Compensation du retour aux 40 heures
Les organisations syndicales CFDT, CFTC, CGT et CFTC, qui représentent 80 % du personnel, engagent alors des négociations permettant d’intégrer la notion de pénibilité à l’avenant aux 35 heures. Elles obtiennent la possibilité de rester aux 35 heures – moyennant le renoncement aux augmentations salariales – pour les salariés de plus de 55 ans. Le nombre de représentants aux CHSCT passe de 8 à 10 salariés, contre une obligation légale de 6 personnes. La direction s’engage à mettre en place plusieurs chantiers d’ergonomie et consacre une partie de l’investissement à l’automatisation des tâches les plus pénibles.
Nous sommes ainsi revenus aux 40 heures dans des conditions plus favorables que celles de l’accord signé en septembre dernier à l’usine Continental de Clairoix, dans l’Oise.
Christian Eyen
Nous sommes ainsi revenus aux 40 heures dans des conditions plus favorables que celles de l’accord signé en septembre dernier à l’usine Continental de Clairoix, dans l’Oise.
Christian Eyen
Gain de sept jours de production
Ratifié le 21 décembre dernier par l’ensemble des organisations syndicales à l’exception de FO, l’accord a prévu le retour aux 40 heures dès le 1er janvier. Les ouvriers postés en 3/8 voient leur durée de travail augmenter de sept jours par an, avec un rachat de 18 h 22 de RTT. L’équipe vendredi-samedi-dimanche travaillera trois jours fériés supplémentaires, avec rachat de 13 h 50 de RTT. Le temps de travail des salariés aux horaires spécifiques augmente de 4 jours et leurs journées s’allongent de 15 à 30 minutes, avec la possibilité de racheter entre 100 et 194 heures de RTT. L’usine gagne ainsi sept jours de production complets, portant l’activité du site à 332 jours par an.
Un positionnement offensif
L’accord ne condamne pas les heures supplémentaires, mais entraînera probablement leur diminution.

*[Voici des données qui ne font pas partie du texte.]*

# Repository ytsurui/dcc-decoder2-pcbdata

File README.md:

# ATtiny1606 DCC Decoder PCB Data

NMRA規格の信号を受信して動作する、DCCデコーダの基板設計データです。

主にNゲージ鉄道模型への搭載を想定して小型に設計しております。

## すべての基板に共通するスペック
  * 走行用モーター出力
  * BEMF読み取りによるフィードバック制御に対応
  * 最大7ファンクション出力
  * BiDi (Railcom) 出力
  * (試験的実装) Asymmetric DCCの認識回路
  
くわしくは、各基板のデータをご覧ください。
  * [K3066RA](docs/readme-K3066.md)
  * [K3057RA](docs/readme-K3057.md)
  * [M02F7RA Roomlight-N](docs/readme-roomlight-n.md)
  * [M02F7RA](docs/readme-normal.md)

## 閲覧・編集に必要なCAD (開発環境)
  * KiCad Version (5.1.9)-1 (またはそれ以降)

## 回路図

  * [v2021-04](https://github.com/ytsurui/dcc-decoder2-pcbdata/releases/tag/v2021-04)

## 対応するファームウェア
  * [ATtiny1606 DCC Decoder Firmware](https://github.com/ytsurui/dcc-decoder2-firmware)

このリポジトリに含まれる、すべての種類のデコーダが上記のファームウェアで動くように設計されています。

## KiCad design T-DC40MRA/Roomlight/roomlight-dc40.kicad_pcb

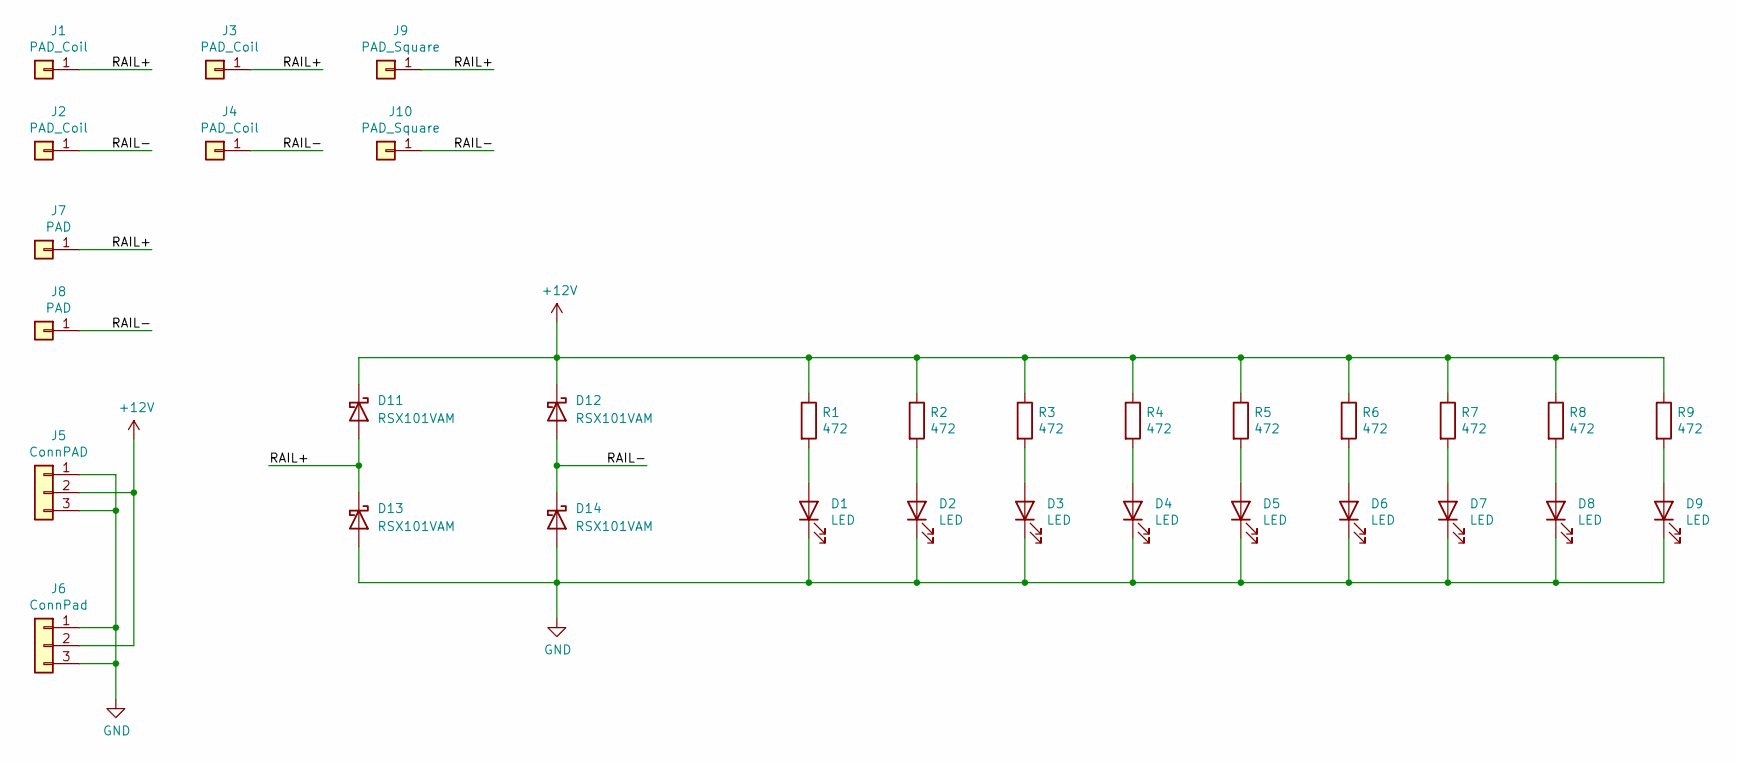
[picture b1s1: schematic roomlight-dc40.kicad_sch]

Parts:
D1, D2, D3, D4, D5, D6, D7, D8, D9: LED; LED_1608_SLIMPAD
D11, D12, D13, D14: RSX101VAM; TUMD2M
J1, J2, J3, J4: PAD_Coil; PAD_COIL_1.3x1.3_NoHole
J5: ConnPAD; PCB_CONN_PAD_3pin_2.5mmx1.2mm_SMD
J6: ConnPad; PCB_CONN_PAD_3pin_2.5mmx1.2mm_SMD
J7, J8: PAD; PAD_1.0x1.8_SMD
J9, J10: PAD_Square; PAD_Square_1.3x1.3_Hole0.8
R1, R2, R3, R4, R5, R6, R7, R8, R9: 472; R_1608_20240411

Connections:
+12V: D11.1 (K), D12.1 (K), J5.2, J6.2, R1.1, R2.1, R3.1, R4.1, R5.1, R6.1, R7.1, R8.1, R9.1
/RAIL+: D11.2 (A), D13.1 (K), J1.1, J3.1, J7.1, J9.1
/RAIL-: D12.2 (A), D14.1 (K), J2.1, J4.1, J8.1, J10.1
GND: D1.1 (K), D2.1 (K), D3.1 (K), D4.1 (K), D5.1 (K), D6.1 (K), D7.1 (K), D8.1 (K), D9.1 (K), D13.2 (A), D14.2 (A), J5.1, J5.3, J6.1, J6.3
unnamed: D1.2 (A), R1.2
unnamed: D2.2 (A), R2.2
unnamed: D3.2 (A), R3.2
unnamed: D4.2 (A), R4.2
unnamed: D5.2 (A), R5.2
unnamed: D6.2 (A), R6.2
unnamed: D7.2 (A), R7.2
unnamed: D8.2 (A), R8.2
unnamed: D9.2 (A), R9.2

Notre retour aux 40 heures se distingue par une longue préparation du projet et par un positionnement offensif. Notre usine a vendu l’intégralité de sa production l’an dernier et se trouve confrontée à une demande constante. Toutes les industries ne sont pas dans cette situation. Nous avons répondu à un contexte spécifique et n’avons pas la prétention de faire école.